> [AIM OF THE EXERCISE]
Among the lines of data below, reproduce only those from the one with "#91=VERTEX_POINT('',#90);" through the one with "#107=PLANE('',#106);", exactly as they stand, both ends included.

> [STUDY MATERIAL]

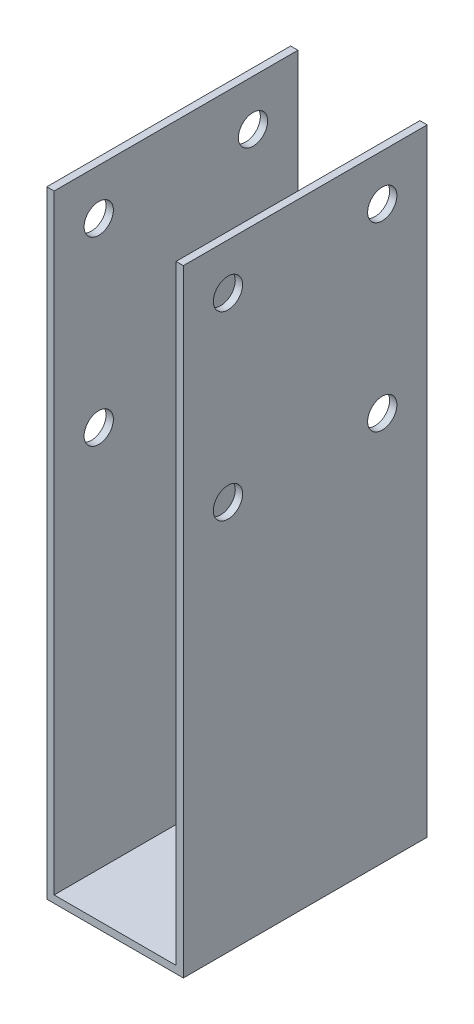
ISO-10303-21;
HEADER;
FILE_DESCRIPTION(('STEP AP214'),'2;1');
FILE_NAME('part.step','',(''),(''),'','','');
FILE_SCHEMA(('AUTOMOTIVE_DESIGN { 1 0 10303 214 1 1 1 1 }'));
ENDSEC;
DATA;
#1=APPLICATION_CONTEXT('core data for automotive mechanical design processes');
#2=APPLICATION_PROTOCOL_DEFINITION('international standard','automotive_design',2000,#1);
#3=PRODUCT_CONTEXT('',#1,'mechanical');
#4=PRODUCT('Part','Part','',(#3));
#5=PRODUCT_RELATED_PRODUCT_CATEGORY('part','',(#4));
#6=PRODUCT_DEFINITION_FORMATION('','',#4);
#7=PRODUCT_DEFINITION_CONTEXT('part definition',#1,'design');
#8=PRODUCT_DEFINITION('design','',#6,#7);
#9=PRODUCT_DEFINITION_SHAPE('','',#8);
#10=(LENGTH_UNIT() NAMED_UNIT(*) SI_UNIT(.MILLI.,.METRE.));
#11=(NAMED_UNIT(*) PLANE_ANGLE_UNIT() SI_UNIT($,.RADIAN.));
#12=(NAMED_UNIT(*) SI_UNIT($,.STERADIAN.) SOLID_ANGLE_UNIT());
#13=UNCERTAINTY_MEASURE_WITH_UNIT(LENGTH_MEASURE(1.E-05),#10,'distance_accuracy_value','');
#14=(GEOMETRIC_REPRESENTATION_CONTEXT(3) GLOBAL_UNCERTAINTY_ASSIGNED_CONTEXT((#13)) GLOBAL_UNIT_ASSIGNED_CONTEXT((#10,
#11,#12)) REPRESENTATION_CONTEXT('',''));
#15=CARTESIAN_POINT('',(0.,0.,0.));
#16=DIRECTION('',(0.,0.,1.));
#17=DIRECTION('',(1.,0.,0.));
#18=AXIS2_PLACEMENT_3D('',#15,#16,#17);
#19=CARTESIAN_POINT('',(25.,125.,100.));
#20=DIRECTION('',(1.,0.,0.));
#21=DIRECTION('',(0.,1.,0.));
#22=AXIS2_PLACEMENT_3D('',#19,#20,#21);
#23=PLANE('',#22);
#24=CARTESIAN_POINT('',(25.,106.115669713315,18.434102117834));
#25=DIRECTION('',(1.,0.,0.));
#26=DIRECTION('',(0.,1.,0.));
#27=AXIS2_PLACEMENT_3D('',#24,#25,#26);
#28=CIRCLE('',#27,6.00000000000001);
#29=CARTESIAN_POINT('',(25.,112.115669713315,18.434102117834));
#30=VERTEX_POINT('',#29);
#31=EDGE_CURVE('E186',#30,#30,#28,.T.);
#32=ORIENTED_EDGE('',*,*,#31,.T.);
#33=EDGE_LOOP('',(#32));
#34=FACE_BOUND('',#33,.T.);
#35=CARTESIAN_POINT('',(25.,31.8283759606693,18.434102117834));
#36=DIRECTION('',(1.,0.,0.));
#37=DIRECTION('',(0.,1.,0.));
#38=AXIS2_PLACEMENT_3D('',#35,#36,#37);
#39=CIRCLE('',#38,6.);
#40=CARTESIAN_POINT('',(25.,37.8283759606693,18.434102117834));
#41=VERTEX_POINT('',#40);
#42=EDGE_CURVE('E194',#41,#41,#39,.T.);
#43=ORIENTED_EDGE('',*,*,#42,.T.);
#44=EDGE_LOOP('',(#43));
#45=FACE_BOUND('',#44,.T.);
#46=CARTESIAN_POINT('',(25.,31.8283759606693,81.7042124749598));
#47=DIRECTION('',(1.,0.,0.));
#48=DIRECTION('',(0.,1.,0.));
#49=AXIS2_PLACEMENT_3D('',#46,#47,#48);
#50=CIRCLE('',#49,6.);
#51=CARTESIAN_POINT('',(25.,37.8283759606694,81.7042124749598));
#52=VERTEX_POINT('',#51);
#53=EDGE_CURVE('E200',#52,#52,#50,.T.);
#54=ORIENTED_EDGE('',*,*,#53,.T.);
#55=EDGE_LOOP('',(#54));
#56=FACE_BOUND('',#55,.T.);
#57=CARTESIAN_POINT('',(25.,106.115669713315,81.7042124749598));
#58=DIRECTION('',(1.,0.,0.));
#59=DIRECTION('',(0.,1.,0.));
#60=AXIS2_PLACEMENT_3D('',#57,#58,#59);
#61=CIRCLE('',#60,5.99999999999999);
#62=CARTESIAN_POINT('',(25.,112.115669713315,81.7042124749598));
#63=VERTEX_POINT('',#62);
#64=EDGE_CURVE('E133',#63,#63,#61,.T.);
#65=ORIENTED_EDGE('',*,*,#64,.T.);
#66=EDGE_LOOP('',(#65));
#67=FACE_BOUND('',#66,.T.);
#68=DIRECTION('',(0.,-1.,0.));
#69=VECTOR('',#68,1.);
#70=CARTESIAN_POINT('',(25.,125.,0.));
#71=LINE('',#70,#69);
#72=CARTESIAN_POINT('',(25.,125.,0.));
#73=VERTEX_POINT('',#72);
#74=CARTESIAN_POINT('',(25.,-125.,0.));
#75=VERTEX_POINT('',#74);
#76=EDGE_CURVE('E129',#73,#75,#71,.T.);
#77=ORIENTED_EDGE('',*,*,#76,.T.);
#78=DIRECTION('',(0.,0.,-1.));
#79=VECTOR('',#78,1.);
#80=CARTESIAN_POINT('',(25.,-125.,100.));
#81=LINE('',#80,#79);
#82=CARTESIAN_POINT('',(25.,-125.,100.));
#83=VERTEX_POINT('',#82);
#84=EDGE_CURVE('E11',#83,#75,#81,.T.);
#85=ORIENTED_EDGE('',*,*,#84,.F.);
#86=DIRECTION('',(0.,-1.,0.));
#87=VECTOR('',#86,1.);
#88=CARTESIAN_POINT('',(25.,125.,100.));
#89=LINE('',#88,#87);
#90=CARTESIAN_POINT('',(25.,125.,100.));
#91=VERTEX_POINT('',#90);
#92=EDGE_CURVE('E144',#91,#83,#89,.T.);
#93=ORIENTED_EDGE('',*,*,#92,.F.);
#94=DIRECTION('',(0.,0.,-1.));
#95=VECTOR('',#94,1.);
#96=CARTESIAN_POINT('',(25.,125.,100.));
#97=LINE('',#96,#95);
#98=EDGE_CURVE('E125',#91,#73,#97,.T.);
#99=ORIENTED_EDGE('',*,*,#98,.T.);
#100=EDGE_LOOP('',(#77,#85,#93,#99));
#101=FACE_BOUND('',#100,.T.);
#102=ADVANCED_FACE('F33',(#34,#45,#56,#67,#101),#23,.F.);
#103=CARTESIAN_POINT('',(-25.,-125.,100.));
#104=DIRECTION('',(0.,-1.,0.));
#105=DIRECTION('',(1.,0.,0.));
#106=AXIS2_PLACEMENT_3D('',#103,#104,#105);
#107=PLANE('',#106);
#108=DIRECTION('',(-1.,0.,0.));
#109=VECTOR('',#108,1.);
#110=CARTESIAN_POINT('',(-25.,-125.,0.));
#111=LINE('',#110,#109);
#112=CARTESIAN_POINT('',(-25.,-125.,0.));
#113=VERTEX_POINT('',#112);
#114=EDGE_CURVE('E132',#75,#113,#111,.T.);
#115=ORIENTED_EDGE('',*,*,#114,.T.);
#116=DIRECTION('',(0.,0.,-1.));
#117=VECTOR('',#116,1.);
#118=CARTESIAN_POINT('',(-25.,-125.,100.));
#119=LINE('',#118,#117);
#120=CARTESIAN_POINT('',(-25.,-125.,100.));
#121=VERTEX_POINT('',#120);
#122=EDGE_CURVE('E41',#121,#113,#119,.T.);
#123=ORIENTED_EDGE('',*,*,#122,.F.);
#124=DIRECTION('',(-1.,0.,0.));
#125=VECTOR('',#124,1.);
#126=CARTESIAN_POINT('',(-25.,-125.,100.));
#127=LINE('',#126,#125);
#128=EDGE_CURVE('E92',#83,#121,#127,.T.);
#129=ORIENTED_EDGE('',*,*,#128,.F.);
#130=ORIENTED_EDGE('',*,*,#84,.T.);
#131=EDGE_LOOP('',(#115,#123,#129,#130));
#132=FACE_BOUND('',#131,.T.);
#133=ADVANCED_FACE('F237',(#132),#107,.F.);
#134=CARTESIAN_POINT('',(-25.,125.,100.));
#135=DIRECTION('',(-1.,0.,0.));
#136=DIRECTION('',(0.,-1.,0.));
#137=AXIS2_PLACEMENT_3D('',#134,#135,#136);
#138=PLANE('',#137);
#139=CARTESIAN_POINT('',(-25.,106.115669713315,18.434102117834));
#140=DIRECTION('',(-1.,0.,0.));
#141=DIRECTION('',(0.,-1.,0.));
#142=AXIS2_PLACEMENT_3D('',#139,#140,#141);
#143=CIRCLE('',#142,6.00000000000001);
#144=CARTESIAN_POINT('',(-25.,100.115669713315,18.434102117834));
#145=VERTEX_POINT('',#144);
#146=EDGE_CURVE('E191',#145,#145,#143,.T.);
#147=ORIENTED_EDGE('',*,*,#146,.T.);
#148=EDGE_LOOP('',(#147));
#149=FACE_BOUND('',#148,.T.);
#150=CARTESIAN_POINT('',(-25.,31.8283759606693,18.434102117834));
#151=DIRECTION('',(-1.,0.,0.));
#152=DIRECTION('',(0.,-1.,0.));
#153=AXIS2_PLACEMENT_3D('',#150,#151,#152);
#154=CIRCLE('',#153,6.);
#155=CARTESIAN_POINT('',(-25.,25.8283759606693,18.434102117834));
#156=VERTEX_POINT('',#155);
#157=EDGE_CURVE('E197',#156,#156,#154,.T.);
#158=ORIENTED_EDGE('',*,*,#157,.T.);
#159=EDGE_LOOP('',(#158));
#160=FACE_BOUND('',#159,.T.);
#161=CARTESIAN_POINT('',(-25.,31.8283759606693,81.7042124749598));
#162=DIRECTION('',(-1.,0.,0.));
#163=DIRECTION('',(0.,-1.,0.));
#164=AXIS2_PLACEMENT_3D('',#161,#162,#163);
#165=CIRCLE('',#164,6.);
#166=CARTESIAN_POINT('',(-25.,25.8283759606693,81.7042124749598));
#167=VERTEX_POINT('',#166);
#168=EDGE_CURVE('E203',#167,#167,#165,.T.);
#169=ORIENTED_EDGE('',*,*,#168,.T.);
#170=EDGE_LOOP('',(#169));
#171=FACE_BOUND('',#170,.T.);
#172=CARTESIAN_POINT('',(-25.,106.115669713315,81.7042124749598));
#173=DIRECTION('',(-1.,0.,0.));
#174=DIRECTION('',(0.,-1.,0.));
#175=AXIS2_PLACEMENT_3D('',#172,#173,#174);
#176=CIRCLE('',#175,5.99999999999999);
#177=CARTESIAN_POINT('',(-25.,100.115669713315,81.7042124749598));
#178=VERTEX_POINT('',#177);
#179=EDGE_CURVE('E179',#178,#178,#176,.T.);
#180=ORIENTED_EDGE('',*,*,#179,.T.);
#181=EDGE_LOOP('',(#180));
#182=FACE_BOUND('',#181,.T.);
#183=DIRECTION('',(0.,1.,0.));
#184=VECTOR('',#183,1.);
#185=CARTESIAN_POINT('',(-25.,125.,0.));
#186=LINE('',#185,#184);
#187=CARTESIAN_POINT('',(-25.,125.,0.));
#188=VERTEX_POINT('',#187);
#189=EDGE_CURVE('E135',#113,#188,#186,.T.);
#190=ORIENTED_EDGE('',*,*,#189,.T.);
#191=DIRECTION('',(0.,0.,-1.));
#192=VECTOR('',#191,1.);
#193=CARTESIAN_POINT('',(-25.,125.,100.));
#194=LINE('',#193,#192);
#195=CARTESIAN_POINT('',(-25.,125.,100.));
#196=VERTEX_POINT('',#195);
#197=EDGE_CURVE('E151',#196,#188,#194,.T.);
#198=ORIENTED_EDGE('',*,*,#197,.F.);
#199=DIRECTION('',(0.,1.,0.));
#200=VECTOR('',#199,1.);
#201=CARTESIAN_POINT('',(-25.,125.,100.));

> [SOLVED PROBLEM]
#91=VERTEX_POINT('',#90);
#92=EDGE_CURVE('E144',#91,#83,#89,.T.);
#93=ORIENTED_EDGE('',*,*,#92,.F.);
#94=DIRECTION('',(0.,0.,-1.));
#95=VECTOR('',#94,1.);
#96=CARTESIAN_POINT('',(25.,125.,100.));
#97=LINE('',#96,#95);
#98=EDGE_CURVE('E125',#91,#73,#97,.T.);
#99=ORIENTED_EDGE('',*,*,#98,.T.);
#100=EDGE_LOOP('',(#77,#85,#93,#99));
#101=FACE_BOUND('',#100,.T.);
#102=ADVANCED_FACE('F33',(#34,#45,#56,#67,#101),#23,.F.);
#103=CARTESIAN_POINT('',(-25.,-125.,100.));
#104=DIRECTION('',(0.,-1.,0.));
#105=DIRECTION('',(1.,0.,0.));
#106=AXIS2_PLACEMENT_3D('',#103,#104,#105);
#107=PLANE('',#106);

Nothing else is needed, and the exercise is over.